*** Opening Provided records ***

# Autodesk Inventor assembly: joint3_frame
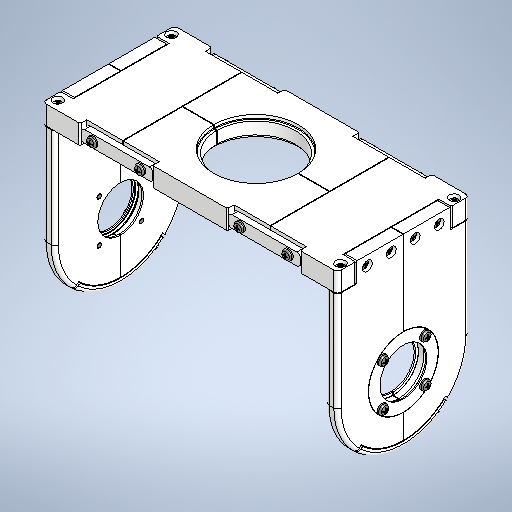
[picture p0: Inventor's stored thumbnail of the model, 512x512]
Saved by Autodesk Inventor 2025.3 (Build 293356030, 356C)
## iProperties
Created: 2025-11-25
Part Number: joint3_frame
Document SubType Name: Assembly
Designer: MSI
Mass: 762.261 g
Surface Area: 1764.87 cm^2
Volume: 601.306 cm^3
Density: 1.26767 g/cm^3
Author: MSI
## Documents named in this file (20)
- C:\Users\MSI\Desktop\Project\3. 로봇팔\Robot Arm Model\joint3\joint3_frame.iam
- C:\Users\MSI\Desktop\Project\3. 로봇팔\Robot Arm Model\joint3\joint3_frame_support1.ipt
- C:\Users\MSI\Desktop\Project\3. 로봇팔\Robot Arm Model\joint3\joint3_frame_support2.ipt
- C:\Users\MSI\Desktop\Project\3. 로봇팔\Robot Arm Model\joint3\joint3_frame1.ipt
- C:\Users\MSI\Desktop\Project\3. 로봇팔\Robot Arm Model\joint3\joint3_frame2.ipt
- C:\Users\MSI\Desktop\Project\3. 로봇팔\Robot Arm Model\joint3\carbon.ipt
- C:\Users\MSI\Desktop\Project\3. 로봇팔\Robot Arm Model\joint3\fixture.ipt
- C:\Users\MSI\Desktop\Project\3. 로봇팔\Robot Arm Model\joint3\joint3_frame_support_fixture.ipt
- C:\Users\MSI\Documents\Inventor\Content Center Files\R2025\ko-KR\KS B 1023  H (2)\KS B 1023 - A  M 4 x 16 - H(1).ipt
- C:\Users\MSI\Desktop\Project\3. 로봇팔\Robot Arm Model\joint3\fixture_MIR2.ipt
- C:\Users\MSI\Desktop\Project\3. 로봇팔\Robot Arm Model\joint3\joint3_frame_cover.ipt
- C:\Users\MSI\Documents\Inventor\Content Center Files\R2025\ko-KR\KS B 1023  H (2)\KS B 1023 - A  M 4 x 10 - H(1).ipt
- C:\Users\MSI\Desktop\Project\3. 로봇팔\Robot Arm Model\joint3\joint3_frame1_MIR.ipt
- C:\Users\MSI\Desktop\Project\3. 로봇팔\Robot Arm Model\joint3\fixture_MIR3.ipt
- C:\Users\MSI\Desktop\Project\3. 로봇팔\Robot Arm Model\joint3\fixture_MIR2_MIR.ipt
- C:\Users\MSI\Desktop\Project\3. 로봇팔\Robot Arm Model\joint3\joint3_frame_support1_MIR.ipt
- C:\Users\MSI\Desktop\Project\3. 로봇팔\Robot Arm Model\joint3\carbon_MIR2.ipt
- C:\Users\MSI\Desktop\Project\3. 로봇팔\Robot Arm Model\joint3\joint3_frame_support2_MIR.ipt
- C:\Users\MSI\Desktop\Project\3. 로봇팔\Robot Arm Model\joint3\joint3_frame_cover_MIR.ipt
- C:\Users\MSI\Desktop\Project\3. 로봇팔\Robot Arm Model\joint3\joint3_frame_support_fixture_MIR.ipt
## Components (64 placed, 19 different names)
1. joint3_frame2:1 — 메이트:1, 메이트:2, 메이트:3, 메이트:4, 메이트:7, 메이트:8, 플러쉬:1, 플러쉬:2, 메이트:9, 메이트:10, 메이트:11, 메이트:12, 메이트:15, 삽입:4, 메이트:56, 삽입:30
2. carbon:1 — 메이트:1, 메이트:2, 메이트:5
3. carbon:2 — 메이트:3, 메이트:4, 메이트:6
4. joint3_frame2:2 — 메이트:5, 메이트:6, 메이트:7, 삽입:8, 삽입:29
5. joint3_frame1:1 — 메이트:13, 메이트:14, 메이트:15, 삽입:3, 삽입:7, 메이트:31, 메이트:32, 메이트:33, 메이트:34, 삽입:14, 삽입:15
6. fixture:1 — 삽입:1, 삽입:2, 삽입:3, 삽입:4
7. KS B 1023 H - 미터 A  M 4 x 16 - H:1 — 삽입:1
8. KS B 1023 H - 미터 A  M 4 x 16 - H:2 — 삽입:2
9. fixture_MIR2:1 — 삽입:5, 삽입:6, 삽입:7, 삽입:8
10. KS B 1023 H - 미터 A  M 4 x 16 - H:3 — 삽입:5
11. KS B 1023 H - 미터 A  M 4 x 16 - H:4 — 삽입:6
12. joint3_frame_support1:1 — 메이트:16, 메이트:17, 메이트:18, 메이트:19, 메이트:20, 메이트:21, 메이트:24, 메이트:25, 삽입:9, 메이트:26, 메이트:28, 메이트:30, 메이트:31, 메이트:33, 삽입:13
13. carbon:11 — 메이트:16, 메이트:17, 메이트:22
14. carbon:12 — 메이트:18, 메이트:19
15. carbon:13 — 메이트:20, 메이트:21, 메이트:23
16. joint3_frame_support2:1 — 메이트:22, 메이트:23, 메이트:24, 메이트:25, 메이트:27, 메이트:29, 메이트:32, 메이트:34
17. joint3_frame_cover:1 — 삽입:9, 메이트:26, 메이트:27, 삽입:10
18. joint3_frame_support_fixture:1 — 메이트:28, 메이트:29, 메이트:30, 삽입:11, 삽입:12
19. KS B 1023 H - 미터 A  M 4 x 16 - H:5 — 삽입:11
20. KS B 1023 H - 미터 A  M 4 x 16 - H:6 — 삽입:12
21. KS B 1023 H - 미터 A  M 4 x 16 - H:8 — 삽입:14
22. KS B 1023 H - 미터 A  M 4 x 16 - H:9 — 삽입:15
23. joint3_frame1_MIR:1 — 메이트:37, 메이트:38, 메이트:39, 메이트:40, 삽입:16, 삽입:19, 삽입:27, 삽입:28, 메이트:54, 메이트:55, 메이트:56
24. fixture_MIR3:1 — 삽입:16, 삽입:17, 삽입:18, 삽입:30
25. KS B 1023 H - 미터 A  M 4 x 16 - H:10 — 삽입:17
26. KS B 1023 H - 미터 A  M 4 x 16 - H:11 — 삽입:18
27. fixture_MIR2_MIR:1 — 삽입:19, 삽입:20, 삽입:21, 삽입:29
28. KS B 1023 H - 미터 A  M 4 x 16 - H:12 — 삽입:20
29. KS B 1023 H - 미터 A  M 4 x 16 - H:13 — 삽입:21
30. joint3_frame_support1_MIR:1 — 메이트:35, 메이트:36, 메이트:38, 메이트:40, 메이트:41, 메이트:43, 삽입:22, 메이트:45, 메이트:47, 메이트:48, 메이트:49, 메이트:50, 메이트:52, 메이트:53, 삽입:26
31. carbon_MIR2:1 — 메이트:46, 메이트:47, 메이트:48
32. carbon_MIR2:2 — 메이트:49, 메이트:50
33. carbon_MIR2:3 — 메이트:51, 메이트:52, 메이트:53
34. joint3_frame_support2_MIR:1 — 메이트:35, 메이트:36, 메이트:37, 메이트:39, 메이트:42, 메이트:44, 메이트:46, 메이트:51
35. joint3_frame_cover_MIR:1 — 삽입:22, 메이트:44, 메이트:45, 삽입:23
36. joint3_frame_support_fixture_MIR:1 — 메이트:41, 메이트:42, 메이트:43, 삽입:24, 삽입:25
37. KS B 1023 H - 미터 A  M 4 x 16 - H:14 — 삽입:24
38. KS B 1023 H - 미터 A  M 4 x 16 - H:15 — 삽입:25
39. KS B 1023 H - 미터 A  M 4 x 16 - H:17 — 삽입:27
40. KS B 1023 H - 미터 A  M 4 x 16 - H:18 — 삽입:28
41. carbon:4 — 메이트:11, 메이트:12, 메이트:54
42. carbon:3 — 메이트:9, 메이트:10, 메이트:13
43. carbon:5
44. carbon:6
45. carbon:7
46. carbon:8
47. carbon:9 — 메이트:55
48. carbon:10 — 메이트:14
49. KS B 1023 H - 미터 A  M 4 x 10 - H:2 — 삽입:23
50. KS B 1023 H - 미터 A  M 4 x 10 - H:1 — 삽입:10
51. KS B 1023 H - 미터 A  M 4 x 10 - H:3
52. KS B 1023 H - 미터 A  M 4 x 10 - H:4
53. KS B 1023 H - 미터 A  M 4 x 10 - H:5
54. KS B 1023 H - 미터 A  M 4 x 10 - H:6
55. KS B 1023 H - 미터 A  M 4 x 10 - H:7
56. KS B 1023 H - 미터 A  M 4 x 10 - H:8
57. KS B 1023 H - 미터 A  M 4 x 16 - H:7 — 삽입:13
58. KS B 1023 H - 미터 A  M 4 x 16 - H:16 — 삽입:26
59. KS B 1023 H - 미터 A  M 4 x 16 - H:19
60. KS B 1023 H - 미터 A  M 4 x 16 - H:20
61. KS B 1023 H - 미터 A  M 4 x 16 - H:21
62. KS B 1023 H - 미터 A  M 4 x 16 - H:22
63. KS B 1023 H - 미터 A  M 4 x 16 - H:23
64. KS B 1023 H - 미터 A  M 4 x 16 - H:24
## Component patterns: (4 elements, first: carbon:4 + carbon:3), (4 elements, first: KS B 1023 H - 미터 A  M 4 x 10 - H:2 + KS B 1023 H - 미터 A  M 4 x 10 - H:1), (4 elements, first: KS B 1023 H - 미터 A  M 4 x 16 - H:7 + KS B 1023 H - 미터 A  M 4 x 16 - H:16)
## Relationships (88: Mate 56, Insert 30, Flush 2)
- 메이트:1 [Mate] (0.25 mm): joint3_frame2:1 ↔ carbon:1
- 메이트:2 [Mate]: joint3_frame2:1 ↔ carbon:1
- 메이트:3 [Mate]: joint3_frame2:1 ↔ carbon:2
- 메이트:4 [Mate]: joint3_frame2:1 ↔ carbon:2
- 메이트:5 [Mate]: carbon:1 ↔ joint3_frame2:2
- 메이트:6 [Mate]: carbon:2 ↔ joint3_frame2:2
- 메이트:7 [Mate] (0.5 mm): joint3_frame2:1 ↔ joint3_frame2:2
- 메이트:8 [Mate]: joint3_frame2:1
- 플러쉬:1 [Flush]: joint3_frame2:1
- 플러쉬:2 [Flush]: joint3_frame2:1
- 메이트:9 [Mate] (0.25 mm): joint3_frame2:1 ↔ carbon:3
- 메이트:10 [Mate]: joint3_frame2:1 ↔ carbon:3
- 메이트:11 [Mate] (0.25 mm): joint3_frame2:1 ↔ carbon:4
- 메이트:12 [Mate]: joint3_frame2:1 ↔ carbon:4
- 메이트:13 [Mate]: joint3_frame1:1 ↔ carbon:3
- 메이트:14 [Mate]: joint3_frame1:1 ↔ carbon:10
- 메이트:15 [Mate] (0.5 mm): joint3_frame2:1 ↔ joint3_frame1:1
- 삽입:1 [Insert]: fixture:1 ↔ KS B 1023 H - 미터 A  M 4 x 16 - H:1
- 삽입:2 [Insert]: fixture:1 ↔ KS B 1023 H - 미터 A  M 4 x 16 - H:2
- 삽입:3 [Insert]: joint3_frame1:1 ↔ fixture:1
- 삽입:4 [Insert]: joint3_frame2:1 ↔ fixture:1
- 삽입:5 [Insert]: fixture_MIR2:1 ↔ KS B 1023 H - 미터 A  M 4 x 16 - H:3
- 삽입:6 [Insert]: fixture_MIR2:1 ↔ KS B 1023 H - 미터 A  M 4 x 16 - H:4
- 삽입:7 [Insert]: joint3_frame1:1 ↔ fixture_MIR2:1
- 삽입:8 [Insert]: joint3_frame2:2 ↔ fixture_MIR2:1
- 메이트:16 [Mate] (0.25 mm): joint3_frame_support1:1 ↔ carbon:11
- 메이트:17 [Mate]: joint3_frame_support1:1 ↔ carbon:11
- 메이트:18 [Mate] (0.25 mm): joint3_frame_support1:1 ↔ carbon:12
- 메이트:19 [Mate]: joint3_frame_support1:1 ↔ carbon:12
- 메이트:20 [Mate] (0.25 mm): joint3_frame_support1:1 ↔ carbon:13
- 메이트:21 [Mate]: joint3_frame_support1:1 ↔ carbon:13
- 메이트:22 [Mate]: carbon:11 ↔ joint3_frame_support2:1
- 메이트:23 [Mate]: carbon:13 ↔ joint3_frame_support2:1
- 메이트:24 [Mate] (0.5 mm): joint3_frame_support1:1 ↔ joint3_frame_support2:1
- 메이트:25 [Mate]: joint3_frame_support1:1 ↔ joint3_frame_support2:1
- 삽입:9 [Insert]: joint3_frame_support1:1 ↔ joint3_frame_cover:1
- 메이트:26 [Mate]: joint3_frame_support1:1 ↔ joint3_frame_cover:1
- 메이트:27 [Mate]: joint3_frame_support2:1 ↔ joint3_frame_cover:1
- 삽입:10 [Insert]: joint3_frame_cover:1 ↔ KS B 1023 H - 미터 A  M 4 x 10 - H:1
- 메이트:28 [Mate]: joint3_frame_support1:1 ↔ joint3_frame_support_fixture:1
- 메이트:29 [Mate]: joint3_frame_support2:1 ↔ joint3_frame_support_fixture:1
- 메이트:30 [Mate]: joint3_frame_support1:1 ↔ joint3_frame_support_fixture:1
- 삽입:11 [Insert]: joint3_frame_support_fixture:1 ↔ KS B 1023 H - 미터 A  M 4 x 16 - H:5
- 삽입:12 [Insert]: joint3_frame_support_fixture:1 ↔ KS B 1023 H - 미터 A  M 4 x 16 - H:6
- 메이트:31 [Mate]: joint3_frame1:1 ↔ joint3_frame_support1:1
- 메이트:32 [Mate]: joint3_frame1:1 ↔ joint3_frame_support2:1
- 메이트:33 [Mate]: joint3_frame1:1 ↔ joint3_frame_support1:1
- 메이트:34 [Mate]: joint3_frame1:1 ↔ joint3_frame_support2:1
- 삽입:13 [Insert]: joint3_frame_support1:1 ↔ KS B 1023 H - 미터 A  M 4 x 16 - H:7
- 삽입:14 [Insert]: joint3_frame1:1 ↔ KS B 1023 H - 미터 A  M 4 x 16 - H:8
- 삽입:15 [Insert]: joint3_frame1:1 ↔ KS B 1023 H - 미터 A  M 4 x 16 - H:9
- 메이트:35 [Mate]: joint3_frame_support1_MIR:1 ↔ joint3_frame_support2_MIR:1
- 메이트:36 [Mate] (0.5 mm): joint3_frame_support1_MIR:1 ↔ joint3_frame_support2_MIR:1
- 메이트:37 [Mate]: joint3_frame1_MIR:1 ↔ joint3_frame_support2_MIR:1
- 메이트:38 [Mate]: joint3_frame1_MIR:1 ↔ joint3_frame_support1_MIR:1
- 메이트:39 [Mate]: joint3_frame1_MIR:1 ↔ joint3_frame_support2_MIR:1
- 메이트:40 [Mate]: joint3_frame1_MIR:1 ↔ joint3_frame_support1_MIR:1
- 삽입:16 [Insert]: joint3_frame1_MIR:1 ↔ fixture_MIR3:1
- 메이트:41 [Mate]: joint3_frame_support1_MIR:1 ↔ joint3_frame_support_fixture_MIR:1
- 메이트:42 [Mate]: joint3_frame_support2_MIR:1 ↔ joint3_frame_support_fixture_MIR:1
- 메이트:43 [Mate]: joint3_frame_support1_MIR:1 ↔ joint3_frame_support_fixture_MIR:1
- 삽입:17 [Insert]: fixture_MIR3:1 ↔ KS B 1023 H - 미터 A  M 4 x 16 - H:10
- 삽입:18 [Insert]: fixture_MIR3:1 ↔ KS B 1023 H - 미터 A  M 4 x 16 - H:11
- 삽입:19 [Insert]: joint3_frame1_MIR:1 ↔ fixture_MIR2_MIR:1
- 삽입:20 [Insert]: fixture_MIR2_MIR:1 ↔ KS B 1023 H - 미터 A  M 4 x 16 - H:12
- 삽입:21 [Insert]: fixture_MIR2_MIR:1 ↔ KS B 1023 H - 미터 A  M 4 x 16 - H:13
- 삽입:22 [Insert]: joint3_frame_support1_MIR:1 ↔ joint3_frame_cover_MIR:1
- 메이트:44 [Mate]: joint3_frame_support2_MIR:1 ↔ joint3_frame_cover_MIR:1
- 메이트:45 [Mate]: joint3_frame_support1_MIR:1 ↔ joint3_frame_cover_MIR:1
- 메이트:46 [Mate]: carbon_MIR2:1 ↔ joint3_frame_support2_MIR:1
- 메이트:47 [Mate]: joint3_frame_support1_MIR:1 ↔ carbon_MIR2:1
- 메이트:48 [Mate] (0.25 mm): joint3_frame_support1_MIR:1 ↔ carbon_MIR2:1
- 메이트:49 [Mate]: joint3_frame_support1_MIR:1 ↔ carbon_MIR2:2
- 메이트:50 [Mate] (0.25 mm): joint3_frame_support1_MIR:1 ↔ carbon_MIR2:2
- 메이트:51 [Mate]: carbon_MIR2:3 ↔ joint3_frame_support2_MIR:1
- 메이트:52 [Mate]: joint3_frame_support1_MIR:1 ↔ carbon_MIR2:3
- 메이트:53 [Mate] (0.25 mm): joint3_frame_support1_MIR:1 ↔ carbon_MIR2:3
- 삽입:23 [Insert]: joint3_frame_cover_MIR:1 ↔ KS B 1023 H - 미터 A  M 4 x 10 - H:2
- 삽입:24 [Insert]: joint3_frame_support_fixture_MIR:1 ↔ KS B 1023 H - 미터 A  M 4 x 16 - H:14
- 삽입:25 [Insert]: joint3_frame_support_fixture_MIR:1 ↔ KS B 1023 H - 미터 A  M 4 x 16 - H:15
- 삽입:26 [Insert]: joint3_frame_support1_MIR:1 ↔ KS B 1023 H - 미터 A  M 4 x 16 - H:16
- 삽입:27 [Insert]: joint3_frame1_MIR:1 ↔ KS B 1023 H - 미터 A  M 4 x 16 - H:17
- 삽입:28 [Insert]: joint3_frame1_MIR:1 ↔ KS B 1023 H - 미터 A  M 4 x 16 - H:18
- 메이트:54 [Mate]: joint3_frame1_MIR:1 ↔ carbon:4
- 메이트:55 [Mate]: joint3_frame1_MIR:1 ↔ carbon:9
- 메이트:56 [Mate] (0.5 mm): joint3_frame2:1 ↔ joint3_frame1_MIR:1
- 삽입:29 [Insert]: joint3_frame2:2 ↔ fixture_MIR2_MIR:1
- 삽입:30 [Insert]: joint3_frame2:1 ↔ fixture_MIR3:1

*** Closing Provided records ***

§ **Task description**
All that is wanted is an exact copy of the lines above from the one with "- 삽입:15 [Insert]: joint3_frame1:1" through the one with "- 메이트:39 [Mate]: joint3_frame1_MIR:1", with both ends included.

§ **Answer**
- 삽입:15 [Insert]: joint3_frame1:1 ↔ KS B 1023 H - 미터 A  M 4 x 16 - H:9
- 메이트:35 [Mate]: joint3_frame_support1_MIR:1 ↔ joint3_frame_support2_MIR:1
- 메이트:36 [Mate] (0.5 mm): joint3_frame_support1_MIR:1 ↔ joint3_frame_support2_MIR:1
- 메이트:37 [Mate]: joint3_frame1_MIR:1 ↔ joint3_frame_support2_MIR:1
- 메이트:38 [Mate]: joint3_frame1_MIR:1 ↔ joint3_frame_support1_MIR:1
- 메이트:39 [Mate]: joint3_frame1_MIR:1 ↔ joint3_frame_support2_MIR:1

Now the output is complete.